Texte intégral
RÉPUBLIQUE FRANÇAISE
AU NOM DU PEUPLE FRANÇAIS
COUR D'APPEL DE PARIS
L. 340-1 et suivants du Code de l'entrée et du séjour
des étrangers et du droit d'asile
ORDONNANCE DU 01 JANVIER 2025
(1 pages)
Numéro d'inscription au répertoire général et de décision : Q N° RG 24/06182 - N° Portalis 35L7-V-B7I-CKRLI
Décision déférée : ordonnance rendue le 30 décembre 2024, à 17h29, par le magistrat du siège du tribunal judiciaire de Bobigny
Nous, Violette Baty, conseiller à la cour d'appel de Paris, agissant par délégation du premier président de cette cour, assistée de Grégoire Grospellier, greffier aux débats et au prononcé de l'ordonnance,
APPELANTE
Mme [U] [L] [T]
née le 18 janvier 2001 à [Localité 1], de nationalité sierra leonaise
ayant pour avocat Me Tidiani Guindo, avocat au barreau de la Seine-Saint-Denis
MAINTENUE en zone d'attente de l'aéroport de : [2]
Tous les deux informés le31 décembre 2024 à 15h31, de la possibilité de faire valoir ses observations sur le caractère manifestement irrecevable de son appel, en application des dispositions de l'article R 342-14 du code de l'entrée et du séjour des étrangers et du droit d'asile
INTIMÉ
LE PREFET DE POLICE
Informé le 31 décembre 2024 à 15h31, de la possibilité de faire valoir ses observations sur le caractère manifestement irrecevable de l'appel, en application des dispositions de l'article R 342-14 du code de l'entrée et du séjour des étrangers et du droit d'asile,
MINISTÈRE PUBLIC, avisé de la date et de l'heure de l'audience
ORDONNANCE : contradictoire
- Vu l'ordonnance du 30 décembre 2024 du magistrat du siège du tribunal judiciaire de Bobigny autorisant le maintien de Mme [U] [L] [T] en zone d'attente à l'aéroport de [2] pour une durée de huit jours ;
- Vu l'appel interjeté le 30 décembre 2024, à 19h32, par Mme [U] [L] [T] ;
- Vu les observations reçues le 31 décembre 2024 à 17h05 par le conseil de Mme [U] [L] [T] ;
SUR QUOI,
Aux termes de l'article R. 743-11 du Code de l'entrée et du séjour des étrangers et du droit d'asile, l'appel doit être formé par une déclaration motivée et en cas d'appel manifestement irrecevable, aux termes de l'article L.342-7 du code de l'entrée et du séjour des étrangers et du droit d'asile, il peut être rejeté sans convocation préalable des parties ; dans le cas d'espèce, il était d'une bonne administration de la justice de faire application dudit article ;
En l'espèce, l'appel est irrecevable dès lors qu'il porte sur un moyen tiré des garanties présentées or, il résulte de l'article L 342-10 du code de l'entrée et du séjour des étrangers et du droit d'asile que " l'existence de garanties de représentation de l'étranger n'est pas à elle seule susceptible de justifier le refus de prolongation de son maintien en zone d'attente"; l'unique moyen est donc inopérant, en conséquence, l'appel est, en lui-même, irrecevable.
PAR CES MOTIFS
REJETONS la déclaration d'appel,
ORDONNONS la remise immédiate au procureur général d'une expédition de la présente ordonnance.
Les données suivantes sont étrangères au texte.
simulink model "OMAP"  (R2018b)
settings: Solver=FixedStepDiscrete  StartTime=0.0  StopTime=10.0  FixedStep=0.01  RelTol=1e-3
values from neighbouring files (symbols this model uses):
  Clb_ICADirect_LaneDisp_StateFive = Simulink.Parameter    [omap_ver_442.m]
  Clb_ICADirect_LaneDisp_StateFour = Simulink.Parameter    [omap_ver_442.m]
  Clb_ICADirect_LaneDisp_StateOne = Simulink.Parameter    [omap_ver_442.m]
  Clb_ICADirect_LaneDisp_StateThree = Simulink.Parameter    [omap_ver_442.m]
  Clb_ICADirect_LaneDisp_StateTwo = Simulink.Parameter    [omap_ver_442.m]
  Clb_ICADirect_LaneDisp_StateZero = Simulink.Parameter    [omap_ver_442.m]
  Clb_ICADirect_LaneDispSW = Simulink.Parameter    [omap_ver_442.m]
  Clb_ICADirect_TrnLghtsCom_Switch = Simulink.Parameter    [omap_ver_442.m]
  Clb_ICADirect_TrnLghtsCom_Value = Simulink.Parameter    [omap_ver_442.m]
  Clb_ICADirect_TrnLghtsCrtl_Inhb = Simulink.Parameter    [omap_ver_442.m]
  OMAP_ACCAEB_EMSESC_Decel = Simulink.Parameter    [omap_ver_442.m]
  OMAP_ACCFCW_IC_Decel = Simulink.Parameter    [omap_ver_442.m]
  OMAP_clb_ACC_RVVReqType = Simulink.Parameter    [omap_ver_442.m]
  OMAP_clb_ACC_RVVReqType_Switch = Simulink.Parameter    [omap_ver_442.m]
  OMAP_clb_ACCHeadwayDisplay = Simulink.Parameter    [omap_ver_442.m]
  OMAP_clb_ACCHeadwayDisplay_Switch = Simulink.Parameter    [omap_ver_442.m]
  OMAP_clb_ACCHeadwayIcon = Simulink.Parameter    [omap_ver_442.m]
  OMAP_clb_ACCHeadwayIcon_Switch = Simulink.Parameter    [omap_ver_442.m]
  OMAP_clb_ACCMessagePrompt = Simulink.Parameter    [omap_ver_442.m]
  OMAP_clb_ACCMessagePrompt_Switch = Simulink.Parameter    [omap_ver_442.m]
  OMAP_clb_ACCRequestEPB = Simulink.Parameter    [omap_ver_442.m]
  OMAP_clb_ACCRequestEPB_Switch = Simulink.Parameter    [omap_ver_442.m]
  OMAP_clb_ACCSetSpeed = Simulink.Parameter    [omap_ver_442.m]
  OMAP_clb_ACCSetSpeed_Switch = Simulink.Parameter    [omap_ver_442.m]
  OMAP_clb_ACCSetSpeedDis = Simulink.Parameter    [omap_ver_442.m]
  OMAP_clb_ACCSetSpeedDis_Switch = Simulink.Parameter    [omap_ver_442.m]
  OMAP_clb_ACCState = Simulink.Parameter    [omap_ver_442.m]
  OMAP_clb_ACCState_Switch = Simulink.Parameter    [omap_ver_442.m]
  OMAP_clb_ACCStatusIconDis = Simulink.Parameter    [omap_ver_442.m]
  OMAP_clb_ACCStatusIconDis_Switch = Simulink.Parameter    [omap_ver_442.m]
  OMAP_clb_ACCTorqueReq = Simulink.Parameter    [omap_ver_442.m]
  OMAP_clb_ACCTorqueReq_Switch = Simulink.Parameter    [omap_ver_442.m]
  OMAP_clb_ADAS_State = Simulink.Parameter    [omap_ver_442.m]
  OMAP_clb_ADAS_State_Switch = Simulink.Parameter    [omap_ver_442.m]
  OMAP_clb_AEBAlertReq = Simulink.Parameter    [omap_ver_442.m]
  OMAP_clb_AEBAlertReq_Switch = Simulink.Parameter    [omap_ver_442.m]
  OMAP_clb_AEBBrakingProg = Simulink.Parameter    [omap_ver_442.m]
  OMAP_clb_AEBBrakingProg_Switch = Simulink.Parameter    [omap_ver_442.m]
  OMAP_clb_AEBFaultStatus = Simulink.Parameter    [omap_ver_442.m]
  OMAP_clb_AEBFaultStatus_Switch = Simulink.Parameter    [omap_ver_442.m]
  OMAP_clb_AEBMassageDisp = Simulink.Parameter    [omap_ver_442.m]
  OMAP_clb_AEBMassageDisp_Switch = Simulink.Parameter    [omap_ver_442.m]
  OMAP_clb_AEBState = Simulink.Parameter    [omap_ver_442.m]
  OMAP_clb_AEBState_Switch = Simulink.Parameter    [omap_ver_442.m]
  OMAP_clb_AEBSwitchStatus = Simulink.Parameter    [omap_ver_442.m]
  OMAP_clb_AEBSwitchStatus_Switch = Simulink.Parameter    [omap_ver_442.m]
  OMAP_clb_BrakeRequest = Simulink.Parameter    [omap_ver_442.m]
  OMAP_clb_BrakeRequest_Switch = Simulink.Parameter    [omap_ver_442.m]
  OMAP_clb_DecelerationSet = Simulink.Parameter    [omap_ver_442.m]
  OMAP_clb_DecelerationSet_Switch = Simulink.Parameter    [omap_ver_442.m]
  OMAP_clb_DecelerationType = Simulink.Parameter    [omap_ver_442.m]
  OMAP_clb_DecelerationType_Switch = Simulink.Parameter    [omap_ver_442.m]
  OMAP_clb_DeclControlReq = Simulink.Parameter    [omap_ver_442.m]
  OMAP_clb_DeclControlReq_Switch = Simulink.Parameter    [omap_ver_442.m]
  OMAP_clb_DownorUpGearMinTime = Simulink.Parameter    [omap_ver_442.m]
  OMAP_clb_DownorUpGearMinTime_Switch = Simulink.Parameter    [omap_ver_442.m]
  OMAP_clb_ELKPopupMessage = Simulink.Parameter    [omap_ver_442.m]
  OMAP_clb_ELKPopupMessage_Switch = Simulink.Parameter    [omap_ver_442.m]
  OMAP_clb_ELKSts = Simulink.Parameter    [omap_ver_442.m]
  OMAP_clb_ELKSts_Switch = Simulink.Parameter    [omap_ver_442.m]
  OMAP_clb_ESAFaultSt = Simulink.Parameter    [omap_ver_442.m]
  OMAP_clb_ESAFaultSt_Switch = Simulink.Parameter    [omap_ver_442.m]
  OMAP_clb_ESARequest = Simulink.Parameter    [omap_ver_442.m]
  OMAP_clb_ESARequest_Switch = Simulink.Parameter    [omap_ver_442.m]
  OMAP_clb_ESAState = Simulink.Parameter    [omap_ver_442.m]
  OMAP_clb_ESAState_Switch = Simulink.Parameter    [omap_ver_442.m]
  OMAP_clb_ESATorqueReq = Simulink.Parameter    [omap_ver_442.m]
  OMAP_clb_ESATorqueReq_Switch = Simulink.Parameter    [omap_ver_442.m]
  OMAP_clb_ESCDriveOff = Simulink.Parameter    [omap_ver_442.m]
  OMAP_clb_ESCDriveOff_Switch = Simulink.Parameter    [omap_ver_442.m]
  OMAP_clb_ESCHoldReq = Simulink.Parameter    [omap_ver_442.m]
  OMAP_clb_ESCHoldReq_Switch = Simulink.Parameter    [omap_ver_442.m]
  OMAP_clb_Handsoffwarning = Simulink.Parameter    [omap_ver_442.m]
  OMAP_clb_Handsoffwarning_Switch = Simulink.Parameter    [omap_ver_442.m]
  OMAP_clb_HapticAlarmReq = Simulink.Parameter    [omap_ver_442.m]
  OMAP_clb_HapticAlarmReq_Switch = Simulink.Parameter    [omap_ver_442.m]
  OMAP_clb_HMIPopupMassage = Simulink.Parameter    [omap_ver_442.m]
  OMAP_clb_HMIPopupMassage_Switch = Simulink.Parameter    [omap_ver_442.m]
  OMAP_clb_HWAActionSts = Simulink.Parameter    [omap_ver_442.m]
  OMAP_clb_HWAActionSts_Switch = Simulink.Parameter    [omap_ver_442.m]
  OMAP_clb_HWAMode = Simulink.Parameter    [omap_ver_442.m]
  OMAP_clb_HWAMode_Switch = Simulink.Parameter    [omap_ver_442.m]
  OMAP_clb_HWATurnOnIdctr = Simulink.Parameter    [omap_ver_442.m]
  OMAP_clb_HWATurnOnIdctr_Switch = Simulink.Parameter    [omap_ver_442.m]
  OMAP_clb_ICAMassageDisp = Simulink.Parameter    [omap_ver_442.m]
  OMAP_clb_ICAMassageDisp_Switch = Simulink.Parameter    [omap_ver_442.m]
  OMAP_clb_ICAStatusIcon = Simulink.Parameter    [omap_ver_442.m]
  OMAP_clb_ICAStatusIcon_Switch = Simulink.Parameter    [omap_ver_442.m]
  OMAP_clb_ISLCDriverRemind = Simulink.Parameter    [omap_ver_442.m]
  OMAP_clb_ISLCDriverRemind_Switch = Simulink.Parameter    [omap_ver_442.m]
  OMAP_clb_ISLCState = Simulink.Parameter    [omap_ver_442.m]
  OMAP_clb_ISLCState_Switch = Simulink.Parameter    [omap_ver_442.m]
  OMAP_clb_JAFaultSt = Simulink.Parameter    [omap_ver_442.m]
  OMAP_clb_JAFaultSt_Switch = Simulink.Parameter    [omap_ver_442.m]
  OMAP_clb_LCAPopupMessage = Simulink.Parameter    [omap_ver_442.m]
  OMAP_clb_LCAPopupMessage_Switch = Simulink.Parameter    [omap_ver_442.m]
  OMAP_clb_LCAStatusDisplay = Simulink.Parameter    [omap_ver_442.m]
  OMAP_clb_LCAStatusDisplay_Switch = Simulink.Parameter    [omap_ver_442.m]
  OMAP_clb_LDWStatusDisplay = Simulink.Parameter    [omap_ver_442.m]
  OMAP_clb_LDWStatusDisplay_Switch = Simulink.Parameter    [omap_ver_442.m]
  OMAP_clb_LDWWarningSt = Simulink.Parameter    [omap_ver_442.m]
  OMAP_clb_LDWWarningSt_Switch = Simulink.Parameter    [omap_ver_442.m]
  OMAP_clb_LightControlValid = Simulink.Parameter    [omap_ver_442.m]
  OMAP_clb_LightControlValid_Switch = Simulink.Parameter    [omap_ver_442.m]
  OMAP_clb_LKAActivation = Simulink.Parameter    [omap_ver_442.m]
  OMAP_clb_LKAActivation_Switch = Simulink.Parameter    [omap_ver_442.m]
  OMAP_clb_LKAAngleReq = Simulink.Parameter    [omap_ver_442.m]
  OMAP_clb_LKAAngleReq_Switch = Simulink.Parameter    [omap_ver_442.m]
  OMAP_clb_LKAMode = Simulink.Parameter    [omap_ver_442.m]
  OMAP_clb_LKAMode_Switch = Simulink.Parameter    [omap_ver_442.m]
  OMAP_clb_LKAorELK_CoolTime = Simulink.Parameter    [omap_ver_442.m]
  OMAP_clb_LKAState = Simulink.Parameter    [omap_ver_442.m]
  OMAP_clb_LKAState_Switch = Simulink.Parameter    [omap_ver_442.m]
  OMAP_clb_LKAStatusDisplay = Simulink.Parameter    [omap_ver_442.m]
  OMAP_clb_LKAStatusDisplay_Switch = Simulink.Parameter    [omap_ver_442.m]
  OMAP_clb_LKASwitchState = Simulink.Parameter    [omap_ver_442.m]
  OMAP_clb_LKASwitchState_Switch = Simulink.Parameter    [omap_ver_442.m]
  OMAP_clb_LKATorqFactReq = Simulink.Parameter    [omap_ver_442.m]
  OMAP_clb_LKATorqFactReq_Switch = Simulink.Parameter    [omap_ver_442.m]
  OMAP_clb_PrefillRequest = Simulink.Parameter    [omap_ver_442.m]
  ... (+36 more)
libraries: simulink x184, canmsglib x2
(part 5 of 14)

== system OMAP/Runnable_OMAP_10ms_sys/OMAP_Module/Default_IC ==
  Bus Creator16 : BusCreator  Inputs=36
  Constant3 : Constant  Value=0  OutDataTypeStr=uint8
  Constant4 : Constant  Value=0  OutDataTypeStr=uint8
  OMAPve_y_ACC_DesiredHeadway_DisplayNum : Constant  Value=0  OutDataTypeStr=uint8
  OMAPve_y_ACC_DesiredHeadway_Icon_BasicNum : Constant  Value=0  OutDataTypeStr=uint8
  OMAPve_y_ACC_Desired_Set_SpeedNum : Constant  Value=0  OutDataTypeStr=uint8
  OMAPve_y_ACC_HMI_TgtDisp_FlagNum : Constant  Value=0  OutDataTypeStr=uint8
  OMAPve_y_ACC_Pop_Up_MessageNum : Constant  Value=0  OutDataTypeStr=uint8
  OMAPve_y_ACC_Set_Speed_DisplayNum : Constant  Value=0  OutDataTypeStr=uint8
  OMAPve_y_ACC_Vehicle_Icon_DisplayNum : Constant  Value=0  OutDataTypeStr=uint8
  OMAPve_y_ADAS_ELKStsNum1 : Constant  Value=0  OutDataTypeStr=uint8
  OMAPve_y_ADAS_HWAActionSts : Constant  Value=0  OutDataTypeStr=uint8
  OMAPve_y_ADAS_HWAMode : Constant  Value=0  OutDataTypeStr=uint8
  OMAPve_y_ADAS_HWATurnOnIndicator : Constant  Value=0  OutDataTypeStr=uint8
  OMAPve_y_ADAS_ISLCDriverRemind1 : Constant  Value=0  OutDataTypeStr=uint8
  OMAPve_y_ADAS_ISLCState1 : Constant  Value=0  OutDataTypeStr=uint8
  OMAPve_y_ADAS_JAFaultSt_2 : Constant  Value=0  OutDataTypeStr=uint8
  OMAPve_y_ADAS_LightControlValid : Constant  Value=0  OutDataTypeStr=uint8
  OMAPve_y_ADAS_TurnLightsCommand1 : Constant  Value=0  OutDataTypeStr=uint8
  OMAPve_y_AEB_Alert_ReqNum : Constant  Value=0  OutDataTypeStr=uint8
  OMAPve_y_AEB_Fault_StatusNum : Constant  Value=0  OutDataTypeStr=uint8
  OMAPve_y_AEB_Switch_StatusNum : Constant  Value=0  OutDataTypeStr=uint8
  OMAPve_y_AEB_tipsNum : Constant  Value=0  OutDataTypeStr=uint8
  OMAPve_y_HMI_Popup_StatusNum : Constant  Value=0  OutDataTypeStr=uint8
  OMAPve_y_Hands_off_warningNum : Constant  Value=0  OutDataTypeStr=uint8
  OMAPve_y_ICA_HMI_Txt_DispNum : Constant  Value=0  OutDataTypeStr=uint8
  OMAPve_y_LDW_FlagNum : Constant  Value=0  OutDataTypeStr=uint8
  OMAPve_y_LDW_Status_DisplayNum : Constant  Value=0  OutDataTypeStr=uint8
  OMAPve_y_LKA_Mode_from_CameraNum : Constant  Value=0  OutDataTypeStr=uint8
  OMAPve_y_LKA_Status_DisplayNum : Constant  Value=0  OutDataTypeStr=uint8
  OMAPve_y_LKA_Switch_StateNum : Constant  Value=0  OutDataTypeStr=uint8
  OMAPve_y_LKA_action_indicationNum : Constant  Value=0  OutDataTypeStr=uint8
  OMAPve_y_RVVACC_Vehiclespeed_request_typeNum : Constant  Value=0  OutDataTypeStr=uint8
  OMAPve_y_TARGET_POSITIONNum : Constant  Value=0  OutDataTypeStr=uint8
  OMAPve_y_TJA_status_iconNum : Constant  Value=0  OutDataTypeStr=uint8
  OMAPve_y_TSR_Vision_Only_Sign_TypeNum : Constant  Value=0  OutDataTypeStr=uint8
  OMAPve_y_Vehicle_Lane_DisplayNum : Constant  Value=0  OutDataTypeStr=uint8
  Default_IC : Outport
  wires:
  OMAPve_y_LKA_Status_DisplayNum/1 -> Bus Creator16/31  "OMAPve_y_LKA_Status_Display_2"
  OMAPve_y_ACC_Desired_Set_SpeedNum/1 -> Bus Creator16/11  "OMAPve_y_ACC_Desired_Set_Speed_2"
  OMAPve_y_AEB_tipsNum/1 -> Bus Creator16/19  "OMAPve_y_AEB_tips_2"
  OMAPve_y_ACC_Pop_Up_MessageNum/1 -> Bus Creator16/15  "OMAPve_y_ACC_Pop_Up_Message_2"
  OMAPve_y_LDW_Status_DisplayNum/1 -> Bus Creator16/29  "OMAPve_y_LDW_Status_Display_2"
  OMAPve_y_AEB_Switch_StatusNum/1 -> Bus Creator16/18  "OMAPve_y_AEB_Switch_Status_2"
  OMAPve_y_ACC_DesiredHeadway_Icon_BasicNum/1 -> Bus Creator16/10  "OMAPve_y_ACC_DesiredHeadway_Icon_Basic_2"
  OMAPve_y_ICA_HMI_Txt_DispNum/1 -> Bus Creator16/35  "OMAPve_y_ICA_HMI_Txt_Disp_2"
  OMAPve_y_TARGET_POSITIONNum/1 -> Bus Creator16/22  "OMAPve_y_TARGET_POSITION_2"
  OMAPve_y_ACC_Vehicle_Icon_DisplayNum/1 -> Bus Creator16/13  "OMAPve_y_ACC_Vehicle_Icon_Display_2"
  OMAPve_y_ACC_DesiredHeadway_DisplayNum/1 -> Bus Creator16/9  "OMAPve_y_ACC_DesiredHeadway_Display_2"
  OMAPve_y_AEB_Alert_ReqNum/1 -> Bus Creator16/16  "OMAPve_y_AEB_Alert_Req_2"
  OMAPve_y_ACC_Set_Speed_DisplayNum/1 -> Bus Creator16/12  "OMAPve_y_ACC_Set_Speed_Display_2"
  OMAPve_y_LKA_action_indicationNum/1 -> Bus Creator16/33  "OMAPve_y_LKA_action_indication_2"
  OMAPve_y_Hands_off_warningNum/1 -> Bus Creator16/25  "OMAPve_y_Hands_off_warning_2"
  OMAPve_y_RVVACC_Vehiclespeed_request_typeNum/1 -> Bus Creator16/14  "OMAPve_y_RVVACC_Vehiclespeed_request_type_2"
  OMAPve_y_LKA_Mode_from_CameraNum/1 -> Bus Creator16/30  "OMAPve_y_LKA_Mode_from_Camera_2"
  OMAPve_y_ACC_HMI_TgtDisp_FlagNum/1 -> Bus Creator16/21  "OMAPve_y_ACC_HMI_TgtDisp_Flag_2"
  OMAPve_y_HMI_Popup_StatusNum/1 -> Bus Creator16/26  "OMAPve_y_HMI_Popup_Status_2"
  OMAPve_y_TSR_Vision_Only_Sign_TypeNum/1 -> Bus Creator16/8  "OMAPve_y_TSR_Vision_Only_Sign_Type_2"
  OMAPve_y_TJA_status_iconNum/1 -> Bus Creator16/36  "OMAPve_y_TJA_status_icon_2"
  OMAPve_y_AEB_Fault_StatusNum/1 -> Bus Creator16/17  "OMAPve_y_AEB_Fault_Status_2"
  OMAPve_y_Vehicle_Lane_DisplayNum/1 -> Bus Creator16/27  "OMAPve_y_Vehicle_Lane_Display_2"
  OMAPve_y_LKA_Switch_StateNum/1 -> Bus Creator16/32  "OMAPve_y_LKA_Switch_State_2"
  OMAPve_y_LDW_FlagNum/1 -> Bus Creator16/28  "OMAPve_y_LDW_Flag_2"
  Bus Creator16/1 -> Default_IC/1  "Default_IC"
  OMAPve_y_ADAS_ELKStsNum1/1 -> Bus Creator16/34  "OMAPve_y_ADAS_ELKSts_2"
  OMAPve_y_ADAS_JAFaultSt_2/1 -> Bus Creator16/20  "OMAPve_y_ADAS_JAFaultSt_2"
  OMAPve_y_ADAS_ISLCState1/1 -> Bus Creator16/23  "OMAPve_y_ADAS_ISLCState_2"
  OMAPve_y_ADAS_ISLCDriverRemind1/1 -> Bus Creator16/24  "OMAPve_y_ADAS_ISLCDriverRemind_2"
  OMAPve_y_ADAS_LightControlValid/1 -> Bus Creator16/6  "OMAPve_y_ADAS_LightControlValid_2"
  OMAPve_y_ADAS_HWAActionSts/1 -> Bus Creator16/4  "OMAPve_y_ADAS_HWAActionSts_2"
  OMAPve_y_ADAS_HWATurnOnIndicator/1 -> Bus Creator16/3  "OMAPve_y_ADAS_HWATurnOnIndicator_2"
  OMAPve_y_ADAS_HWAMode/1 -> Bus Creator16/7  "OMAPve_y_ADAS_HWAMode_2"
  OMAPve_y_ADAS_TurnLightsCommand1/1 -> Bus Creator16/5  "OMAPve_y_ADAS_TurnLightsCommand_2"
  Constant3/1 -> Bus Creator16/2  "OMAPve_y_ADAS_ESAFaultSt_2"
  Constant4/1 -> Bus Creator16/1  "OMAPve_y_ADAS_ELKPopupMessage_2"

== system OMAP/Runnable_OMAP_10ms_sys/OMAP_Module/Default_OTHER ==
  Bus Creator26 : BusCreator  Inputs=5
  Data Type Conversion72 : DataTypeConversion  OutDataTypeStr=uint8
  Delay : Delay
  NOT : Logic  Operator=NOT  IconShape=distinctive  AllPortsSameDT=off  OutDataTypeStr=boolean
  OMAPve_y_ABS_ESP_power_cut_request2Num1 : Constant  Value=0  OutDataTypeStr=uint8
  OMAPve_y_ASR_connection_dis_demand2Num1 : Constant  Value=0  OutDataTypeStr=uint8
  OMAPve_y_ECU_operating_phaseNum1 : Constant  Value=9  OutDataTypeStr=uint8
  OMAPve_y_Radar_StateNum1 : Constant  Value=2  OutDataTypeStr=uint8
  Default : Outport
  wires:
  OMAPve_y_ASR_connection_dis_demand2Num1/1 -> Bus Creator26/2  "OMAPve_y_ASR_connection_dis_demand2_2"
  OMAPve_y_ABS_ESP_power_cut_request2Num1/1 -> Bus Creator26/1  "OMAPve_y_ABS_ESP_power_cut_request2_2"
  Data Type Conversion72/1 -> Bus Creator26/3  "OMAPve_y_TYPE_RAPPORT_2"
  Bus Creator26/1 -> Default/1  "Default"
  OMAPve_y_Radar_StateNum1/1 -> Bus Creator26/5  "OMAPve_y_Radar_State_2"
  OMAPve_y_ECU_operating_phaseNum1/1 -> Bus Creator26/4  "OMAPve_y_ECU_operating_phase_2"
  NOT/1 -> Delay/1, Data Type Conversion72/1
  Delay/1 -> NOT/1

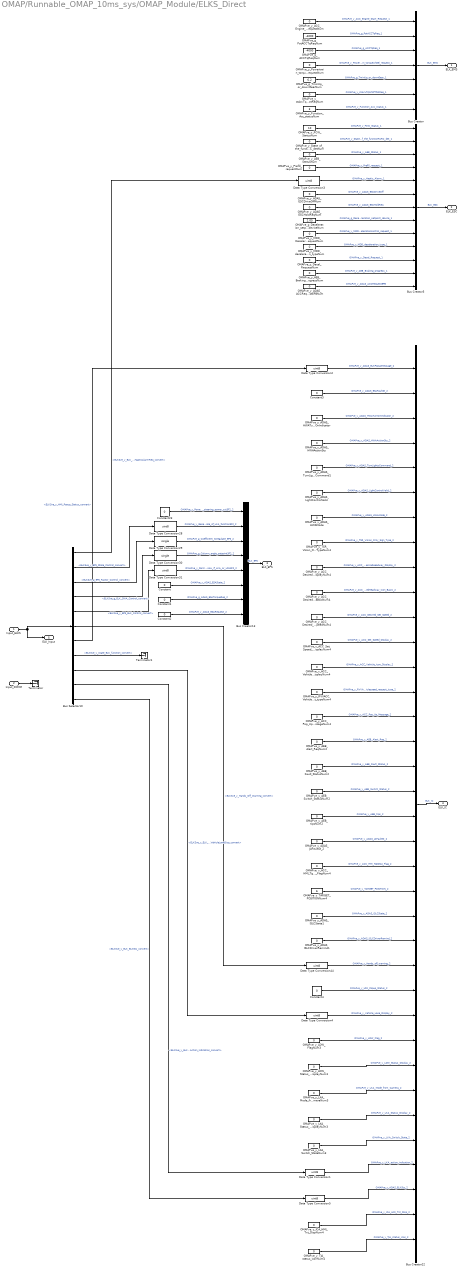
== system OMAP/Runnable_OMAP_10ms_sys/OMAP_Module/ELKS_Direct ==
  Input_ELKS : Inport
  Input_FDMM : Inport  Port=2
  Bus Creator : BusCreator  Inputs=7
  Bus Creator13 : BusCreator  Inputs=8
  Bus Creator22 : BusCreator  Inputs=36
  Bus Creator5 : BusCreator  Inputs=13
  Bus Selector10 : BusSelector  OutputSignals=ELKSve_y_ELK_HapticAlarmReq_convert,ELKSve_y_EPS_State_Control_convert,ELKSve_g_EPS_Factor_Control_convert,ELKSve_g_ELK_SWA_Control_convert,ELKSve_y_EPS_ELK_Control_convert,ELKSve_y_Hands_Off_Warning_convert,ELKSve_y_HMI_Popup_Status_convert,ELKSve_y_state_ELK_function_convert,ELKSve_y_ELK_VehicleLaneDisp_convert,ELKSve_y_ELK_Action_Indication_convert,ELKSve_y_ELK_ELKSts_convert
  Constant{,2..4,23} (5 alike) : Constant  Value=0  OutDataTypeStr=uint8
  Constant1 : Constant  Value=0  OutDataTypeStr=single
  Data Type Conversion{1..5,28,31,44} (8 alike) : DataTypeConversion  OutDataTypeStr=uint8
  Data Type Conversion29 : DataTypeConversion  OutDataTypeStr=single
  Data Type Conversion30 : DataTypeConversion  OutDataTypeStr=single
  OMAPve_g_ACCTqReqNum : Constant  Value=-4000  OutDataTypeStr=single
  OMAPve_g_Deceleration_setpoint_deviceNum : Constant  Value=2.05  OutDataTypeStr=single
  OMAPve_g_PotACCTqReqNum : Constant  Value=-4000  OutDataTypeStr=single
  OMAPve_g_TminUp_or_downGearNum : Constant  Value=6.2  OutDataTypeStr=single
  OMAPve_y_ACC_DesiredHeadway_DisplayNum4 : Constant  Value=0  OutDataTypeStr=uint8
  OMAPve_y_ACC_DesiredHeadway_Icon_BasicNum4 : Constant  Value=0  OutDataTypeStr=uint8
  OMAPve_y_ACC_Desired_Set_SpeedNum4 : Constant  Value=0  OutDataTypeStr=uint8
  OMAPve_y_ACC_Engine_Start_RequestNum : Constant  Value=0  OutDataTypeStr=uint8
  OMAPve_y_ACC_HMI_TgtDisp_FlagNum4 : Constant  Value=0  OutDataTypeStr=uint8
  OMAPve_y_ACC_Pop_Up_MessageNum4 : Constant  Value=0  OutDataTypeStr=uint8
  OMAPve_y_ACC_Set_Speed_DisplayNum4 : Constant  Value=0  OutDataTypeStr=uint8
  OMAPve_y_ACC_Vehicle_Icon_DisplayNum4 : Constant  Value=0  OutDataTypeStr=uint8
  OMAPve_y_ADAS_ACCRequestEPBNum : Constant  Value=0  OutDataTypeStr=uint8
  OMAPve_y_ADAS_ESCDriveOffNum : Constant  Value=0  OutDataTypeStr=uint8
  OMAPve_y_ADAS_ESCHoldReqNum : Constant  Value=0  OutDataTypeStr=uint8
  OMAPve_y_ADAS_HWAActionSts : Constant  Value=0  OutDataTypeStr=uint8
  OMAPve_y_ADAS_HWAMode : Constant  Value=0  OutDataTypeStr=uint8
  OMAPve_y_ADAS_HWATurnOnIndicator : Constant  Value=0  OutDataTypeStr=uint8
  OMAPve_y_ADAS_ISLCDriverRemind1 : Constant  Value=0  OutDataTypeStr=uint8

Fait à Paris le 01 janvier 2025 à 11h39
LE GREFFIER, LE PRÉSIDENT,
REÇU NOTIFICATION DE L'ORDONNANCE ET DE L'EXERCICE DES VOIES DE RECOURS :
Pour information :
L'ordonnance n'est pas susceptible d'opposition.
Le pourvoi en cassation est ouvert à l'étranger, à l'autorité administrative qui a prononcé le maintien en zone d'attente ou la rétention et au ministère public.
Le délai de pourvoi en cassation est de deux mois à compter de la notification.
Le pourvoi est formé par déclaration écrite remise au secrétariat greffe de la Cour de cassation par l'avocat au Conseil d'Etat et à la Cour de cassation constitué par le demandeur.
Notification effectuée aux parties par LRAR ou télécopie et/ou courriel.